Robust named entity detection using an Arabic offline handwriting recognition system

  • Authors:
  • Krishna Subramanian;Rohit Prasad;Prem Natarajan

  • Affiliations:
  • BBN Technologies, Cambridge, MA;BBN Technologies, Cambridge, MA;BBN Technologies, Cambridge, MA

  • Venue:
  • Proceedings of The Third Workshop on Analytics for Noisy Unstructured Text Data
  • Year:
  • 2009

Quantified Score

Hi-index 0.00

Visualization

Abstract

Text from Arabic optical handwriting recognition (OHR) systems can provide key indexing information. In particular, the text is rich in named entities (NEs) and detection of such entities is critical for search applications.
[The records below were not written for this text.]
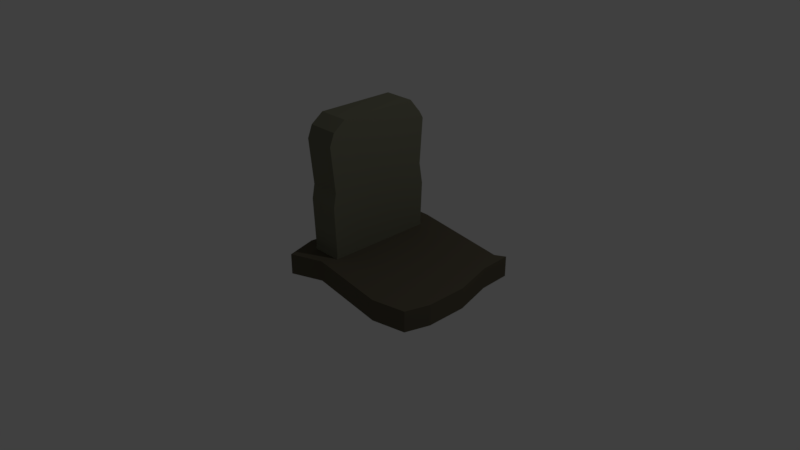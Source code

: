 # Source: kapakmens1.blend  (saved by Blender 2.78.0; exported with 4.5.12 LTS)
import bpy
from mathutils import Matrix  # noqa: F401  (used for matrix-valued properties, if any)

bpy.ops.wm.read_factory_settings(use_empty=True)
scene = bpy.context.scene
scene.name = 'Scene'

# ---- collections
col_collection_1 = bpy.data.collections.new('Collection 1'); scene.collection.children.link(col_collection_1)

# ---- materials (node trees are filled in below, after node groups)
mat_kapakmens = bpy.data.materials.new('kapakmens')
mat_kapakmens.alpha_threshold = 0.0
mat_kapakmens.use_transparent_shadow = False
mat_kapakmens.diffuse_color = (0.1789, 0.1779, 0.1249, 1.0)
mat_kapakmens.roughness = 0.5
mat_kapakmens.line_color = (0.0, 0.0, 0.0, 1.0)
mat_kapakmens_plakne = bpy.data.materials.new('kapakmens_plakne')
mat_kapakmens_plakne.alpha_threshold = 0.0
mat_kapakmens_plakne.use_transparent_shadow = False
mat_kapakmens_plakne.diffuse_color = (0.1149, 0.1003, 0.06948, 1.0)
mat_kapakmens_plakne.roughness = 0.5

# ---- material node trees

# ---- world
world_world = bpy.data.worlds.new('World'); scene.world = world_world
world_world.color = (0.05088, 0.05088, 0.05088)
world_world.use_sun_shadow = False
world_world.sun_shadow_jitter_overblur = 0.0
world_world.cycles.sampling_method = 'MANUAL'

# ---- cameras
cam_camera = bpy.data.cameras.new('Camera')
cam_camera.clip_end = 100.0
cam_camera.lens = 35.0
cam_camera.sensor_width = 32.0
cam_camera.sensor_height = 18.0
cam_camera.ortho_scale = 7.314
cam_camera.dof.focus_distance = 0.0
cam_camera.dof.aperture_fstop = 128.0

# ---- lights
light_lamp = bpy.data.lights.new('Lamp', 'POINT')
light_lamp.transmission_factor = 0.0
light_lamp.cutoff_distance = 30.0
light_lamp.energy = 100.0
light_lamp.shadow_buffer_clip_start = 1.001
light_lamp.shadow_soft_size = 0.1
light_lamp.shadow_maximum_resolution = 0.006
light_lamp.use_absolute_resolution = True

# ---- meshes
me_cube = bpy.data.meshes.new('Cube')
me_cube.from_pydata([(1.0, 0.7506, -0.8487), (1.0, -0.7337, -0.8487), (-1.0, -0.7337, -0.8487), (-1.0, 0.7506, -0.8487), (0.8885, 0.7075, 0.9578), (1.0, -0.6713, 1.032), (-1.0, -0.6713, 1.032), (-1.111, 0.7075, 0.9578), (1.0, -0.5089, -0.8487), (-1.0, -0.5089, -0.8487), (1.0, -0.5089, 1.151), (-1.0, -0.5089, 1.151), (-1.0, 0.5306, -0.8487), (-1.0, 0.5306, 1.151), (1.0, 0.5306, -0.8487), (1.0, 0.5306, 1.151), (1.0, 0.7398, 0.8757), (1.0, -0.7337, 0.8757), (-1.0, -0.7337, 0.8757), (-1.0, 0.7398, 0.8757), (-1.0, -0.5089, 0.8757), (1.0, -0.5089, 0.8757), (1.0, 0.5306, 0.8757), (-1.0, 0.5306, 0.8757), (-1.0, -0.5089, 0.281), (1.0, -0.5089, 0.281), (1.0, 0.5306, 0.281), (-1.0, 0.5306, 0.281), (1.0, 0.6941, 0.281), (1.0, -0.6744, 0.281), (-1.0, -0.6744, 0.281), (-1.0, 0.6941, 0.281), (-1.0, -0.5089, -0.5292), (1.0, -0.5089, -0.5292), (1.0, 0.5306, -0.5292), (-1.0, 0.5306, -0.5292), (1.0, 0.7185, -0.5292), (1.0, -0.6828, -0.5292), (-1.0, -0.6828, -0.5292), (-1.0, 0.7185, -0.5292), (1.0, 0.7414, -0.001213), (1.0, -0.7098, 0.1003), (-1.0, -0.7098, 0.1003), (-1.0, 0.7414, -0.001213), (-1.0, -0.5089, 0.1003), (1.0, -0.5089, 0.1003), (1.0, 0.5306, 0.1003), (-1.0, 0.5306, 0.1003), (-1.45, -1.012, -0.588), (-1.45, -1.012, -0.8571), (-1.45, 0.9882, -0.588), (-1.45, 0.9882, -0.8571), (8.01, -0.9115, -0.588), (8.01, -0.9115, -0.8571), (7.707, 0.856, -0.588), (7.707, 0.856, -0.8571), (7.071, 0.7831, -0.588), (7.071, 0.7831, -0.8571), (5.913, -1.003, -0.588), (5.913, -1.003, -0.8571), (0.3051, 0.9882, -0.588), (0.5089, -0.8551, -0.8571), (0.3051, 0.9882, -0.8571), (0.5089, -0.8551, -0.588), (-1.306, 0.4429, -0.588), (-1.306, 0.4429, -0.8571), (7.793, 0.4429, -0.588), (7.793, 0.4429, -0.8571), (7.071, 0.4429, -0.8571), (7.071, 0.4429, -0.588), (0.3051, 0.4429, -0.588), (0.3051, 0.4429, -0.8571), (-2.034, -0.6049, -0.588), (8.48, -0.6049, -0.8571), (7.071, -0.6049, -0.8571), (7.071, -0.6049, -0.588), (0.3051, -0.6049, -0.588), (0.3051, -0.6049, -0.8571), (-2.034, -0.6049, -0.8571), (8.48, -0.6049, -0.588), (-1.753, -0.08096, -0.8571), (8.48, -0.08096, -0.588), (-1.753, -0.08096, -0.588), (8.48, -0.08096, -0.8571), (7.071, -0.08096, -0.8571), (7.071, -0.08096, -0.588), (0.3051, -0.08096, -0.588), (0.3051, -0.08096, -0.8571)], [], [(8, 1, 2, 9), (10, 11, 6, 5), (21, 10, 5, 17), (17, 5, 6, 18), (23, 13, 7, 19), (36, 0, 3, 39), (18, 6, 11, 20), (22, 15, 10, 21), (15, 13, 11, 10), (14, 8, 9, 12), (0, 14, 12, 3), (4, 7, 13, 15), (16, 4, 15, 22), (20, 11, 13, 23), (24, 20, 23, 27), (28, 16, 22, 26), (26, 22, 21, 25), (30, 18, 20, 24), (4, 16, 19, 7), (27, 23, 19, 31), (29, 17, 18, 30), (25, 21, 17, 29), (45, 25, 29, 41), (41, 29, 30, 42), (47, 27, 31, 43), (42, 30, 24, 44), (46, 26, 25, 45), (40, 28, 26, 46), (44, 24, 27, 47), (16, 28, 31, 19), (9, 32, 35, 12), (0, 36, 34, 14), (14, 34, 33, 8), (2, 38, 32, 9), (12, 35, 39, 3), (1, 37, 38, 2), (8, 33, 37, 1), (40, 36, 39, 43), (28, 40, 43, 31), (32, 44, 47, 35), (36, 40, 46, 34), (34, 46, 45, 33), (38, 42, 44, 32), (35, 47, 43, 39), (37, 41, 42, 38), (33, 45, 41, 37), (64, 65, 51, 50), (56, 57, 55, 54), (79, 73, 53, 52), (63, 61, 49, 48), (75, 79, 52, 58), (77, 78, 49, 61), (73, 74, 59, 53), (76, 75, 58, 63), (52, 53, 59, 58), (60, 62, 57, 56), (50, 51, 62, 60), (72, 76, 63, 48), (74, 77, 61, 59), (58, 59, 61, 63), (57, 62, 71, 68), (50, 60, 70, 64), (60, 56, 69, 70), (55, 57, 68, 67), (62, 51, 65, 71), (56, 54, 66, 69), (54, 55, 67, 66), (82, 80, 65, 64), (48, 49, 78, 72), (84, 87, 77, 74), (82, 86, 76, 72), (86, 85, 75, 76), (83, 84, 74, 73), (87, 80, 78, 77), (85, 81, 79, 75), (81, 83, 73, 79), (66, 67, 83, 81), (69, 66, 81, 85), (71, 65, 80, 87), (67, 68, 84, 83), (70, 69, 85, 86), (64, 70, 86, 82), (68, 71, 87, 84), (72, 78, 80, 82)])
me_cube.polygons.foreach_set('material_index', [0, 0, 0, 0, 0, 0, 0, 0, 0, 0, 0, 0, 0, 0, 0, 0, 0, 0, 0, 0, 0, 0, 0, 0, 0, 0, 0, 0, 0, 0, 0, 0, 0, 0, 0, 0, 0, 0, 0, 0, 0, 0, 0, 0, 0, 0, 1, 1, 1, 1, 1, 1, 1, 1, 1, 1, 1, 1, 1, 1, 1, 1, 1, 1, 1, 1, 1, 1, 1, 1, 1, 1, 1, 1, 1, 1, 1, 1, 1, 1, 1, 1, 1, 1])
me_cube.materials.append(mat_kapakmens)
me_cube.materials.append(mat_kapakmens_plakne)
me_cube.use_remesh_preserve_volume = False
me_cube.use_remesh_preserve_attributes = False
me_cube.use_mirror_vertex_groups = False
me_cube.update()

# ---- objects
ob_cube = bpy.data.objects.new('Cube', me_cube)
ob_lamp = bpy.data.objects.new('Lamp', light_lamp)
ob_camera = bpy.data.objects.new('Camera', cam_camera)

# ---- transforms, parenting, visibility, modifiers, constraints
ob_cube.location = (0.0, 0.0, 0.8415)
ob_cube.scale = (0.2014, 1.0, 1.0)
ob_cube.lock_rotations_4d = False
ob_cube.empty_display_type = 'ARROWS'
ob_cube.lineart.crease_threshold = 0.0
ob_lamp.location = (4.076, 1.005, 5.904)
ob_lamp.rotation_euler = (0.6503, 0.05522, 1.866)
ob_lamp.lock_rotations_4d = False
ob_lamp.empty_display_type = 'ARROWS'
ob_lamp.color = (0.0, 0.0, 0.0, 0.0)
ob_lamp.lineart.crease_threshold = 0.0
ob_camera.location = (7.481, -6.508, 5.344)
ob_camera.rotation_euler = (1.109, 0.0, 0.8149)
ob_camera.lock_rotations_4d = False
ob_camera.empty_display_type = 'ARROWS'
ob_camera.color = (0.0, 0.0, 0.0, 0.0)
ob_camera.display_type = 'WIRE'
ob_camera.lineart.crease_threshold = 0.0

# ---- collection membership
col_collection_1.objects.link(ob_cube)
col_collection_1.objects.link(ob_lamp)
col_collection_1.objects.link(ob_camera)

# ---- scene / render settings (as saved in the file)
scene.camera = ob_camera
scene.frame_start = 1; scene.frame_end = 250; scene.frame_set(1)
scene.render.engine = 'BLENDER_EEVEE_NEXT'
scene.render.resolution_percentage = 50
scene.render.dither_intensity = 0.0
scene.cycles.use_denoising = False
scene.cycles.samples = 128
scene.cycles.sampling_pattern = 'TABULATED_SOBOL'
scene.cycles.light_sampling_threshold = 0.0
scene.cycles.use_adaptive_sampling = False
scene.cycles.use_light_tree = False
scene.cycles.blur_glossy = 0.0
scene.cycles.sample_clamp_indirect = 0.0
scene.view_settings.view_transform = 'Standard'
bpy.context.view_layer.update()
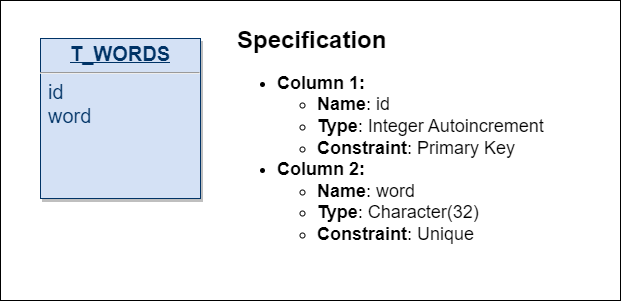

The diagram above was exported from draw.io. Its source (the exported page's mxGraphModel, read from the mxfile embedded in the PNG):
<mxGraphModel dx="1434" dy="844" grid="1" gridSize="10" guides="1" tooltips="1" connect="1" arrows="1" fold="1" page="1" pageScale="1" pageWidth="827" pageHeight="583" background="#FFFFFF" math="0" shadow="0">
  <root>
    <mxCell id="0" />
    <mxCell id="1" parent="0" />
    <mxCell id="r-pUaxmP05HFm4wy_WI3-115" value="" style="rounded=0;whiteSpace=wrap;html=1;" vertex="1" parent="1">
      <mxGeometry x="120" y="20" width="620" height="300" as="geometry" />
    </mxCell>
    <mxCell id="25" value="&lt;p style=&quot;margin: 0px; margin-top: 4px; text-align: center; text-decoration: underline;&quot;&gt;&lt;strong&gt;&lt;font style=&quot;font-size: 20px;&quot;&gt;T_WORDS&lt;/font&gt;&lt;/strong&gt;&lt;/p&gt;&lt;hr&gt;&lt;p style=&quot;margin: 0px 0px 0px 8px; font-size: 20px;&quot;&gt;&lt;font style=&quot;font-size: 20px;&quot;&gt;id&lt;/font&gt;&lt;/p&gt;&lt;p style=&quot;margin: 0px 0px 0px 8px; font-size: 20px;&quot;&gt;&lt;font style=&quot;font-size: 20px;&quot;&gt;word&lt;/font&gt;&lt;/p&gt;" style="verticalAlign=top;align=left;overflow=fill;fontSize=12;fontFamily=Helvetica;html=1;strokeColor=#003366;shadow=1;fillColor=#D4E1F5;fontColor=#003366" parent="1" vertex="1">
      <mxGeometry x="160.00000000000006" y="58.00000000000037" width="160" height="160" as="geometry" />
    </mxCell>
    <mxCell id="r-pUaxmP05HFm4wy_WI3-114" value="&lt;h1&gt;Specification&lt;/h1&gt;&lt;h1 style=&quot;font-size: 18px;&quot;&gt;&lt;ul&gt;&lt;li&gt;&lt;font style=&quot;font-size: 18px;&quot;&gt;&lt;span style=&quot;background-color: initial;&quot;&gt;Column 1:&amp;nbsp;&lt;/span&gt;&lt;/font&gt;&lt;/li&gt;&lt;ul&gt;&lt;li&gt;&lt;font style=&quot;font-size: 18px;&quot;&gt;&lt;span style=&quot;background-color: initial;&quot;&gt;Name&lt;/span&gt;&lt;span style=&quot;background-color: initial; font-weight: normal;&quot;&gt;: id&lt;/span&gt;&lt;/font&gt;&lt;/li&gt;&lt;li&gt;&lt;font style=&quot;font-size: 18px;&quot;&gt;&lt;span style=&quot;background-color: initial;&quot;&gt;Type&lt;/span&gt;&lt;span style=&quot;background-color: initial; font-weight: normal;&quot;&gt;: Integer Autoincrement&lt;/span&gt;&lt;/font&gt;&lt;/li&gt;&lt;li&gt;&lt;font style=&quot;font-size: 18px;&quot;&gt;&lt;span style=&quot;background-color: initial;&quot;&gt;Constraint&lt;/span&gt;&lt;span style=&quot;background-color: initial; font-weight: normal;&quot;&gt;: Primary Key&lt;/span&gt;&lt;/font&gt;&lt;/li&gt;&lt;/ul&gt;&lt;li&gt;&lt;span style=&quot;background-color: initial;&quot;&gt;Column 2:&amp;nbsp;&lt;/span&gt;&lt;br&gt;&lt;/li&gt;&lt;ul&gt;&lt;li&gt;&lt;span style=&quot;background-color: initial; border-color: var(--border-color);&quot;&gt;Name&lt;/span&gt;&lt;span style=&quot;background-color: initial; border-color: var(--border-color); font-weight: normal;&quot;&gt;: word&lt;/span&gt;&lt;br&gt;&lt;/li&gt;&lt;li&gt;&lt;span style=&quot;background-color: initial; border-color: var(--border-color);&quot;&gt;Type&lt;/span&gt;&lt;span style=&quot;background-color: initial; border-color: var(--border-color); font-weight: normal;&quot;&gt;: Character(32)&lt;/span&gt;&lt;br&gt;&lt;/li&gt;&lt;li&gt;&lt;span style=&quot;background-color: initial; border-color: var(--border-color);&quot;&gt;Constraint&lt;/span&gt;&lt;span style=&quot;background-color: initial; border-color: var(--border-color); font-weight: normal;&quot;&gt;: Unique&lt;/span&gt;&lt;/li&gt;&lt;/ul&gt;&lt;/ul&gt;&lt;/h1&gt;" style="text;html=1;strokeColor=none;fillColor=none;spacing=5;spacingTop=-20;whiteSpace=wrap;overflow=hidden;rounded=0;" vertex="1" parent="1">
      <mxGeometry x="352" y="39.64" width="328" height="230" as="geometry" />
    </mxCell>
  </root>
</mxGraphModel>

Traditional approaches for detecting NEs in optical character recognition (OCR) output look for these NEs in the single-best recognition results. Due to the inevitable presence of recognition errors in the single-best output, such approaches usually result in low recall. Given that a lattice is more likely to contain the correct answer, we explore NE detection from word lattices produced by our Arabic handwriting recognition system. Since the improvement in recall is accompanied by a large number of false positives, we use confidence scores based on posterior scores to control precision. We show a 7% improvement in true detects for the same false acceptance rate on using lattices instead of 1-best hypothesis for NE lookup.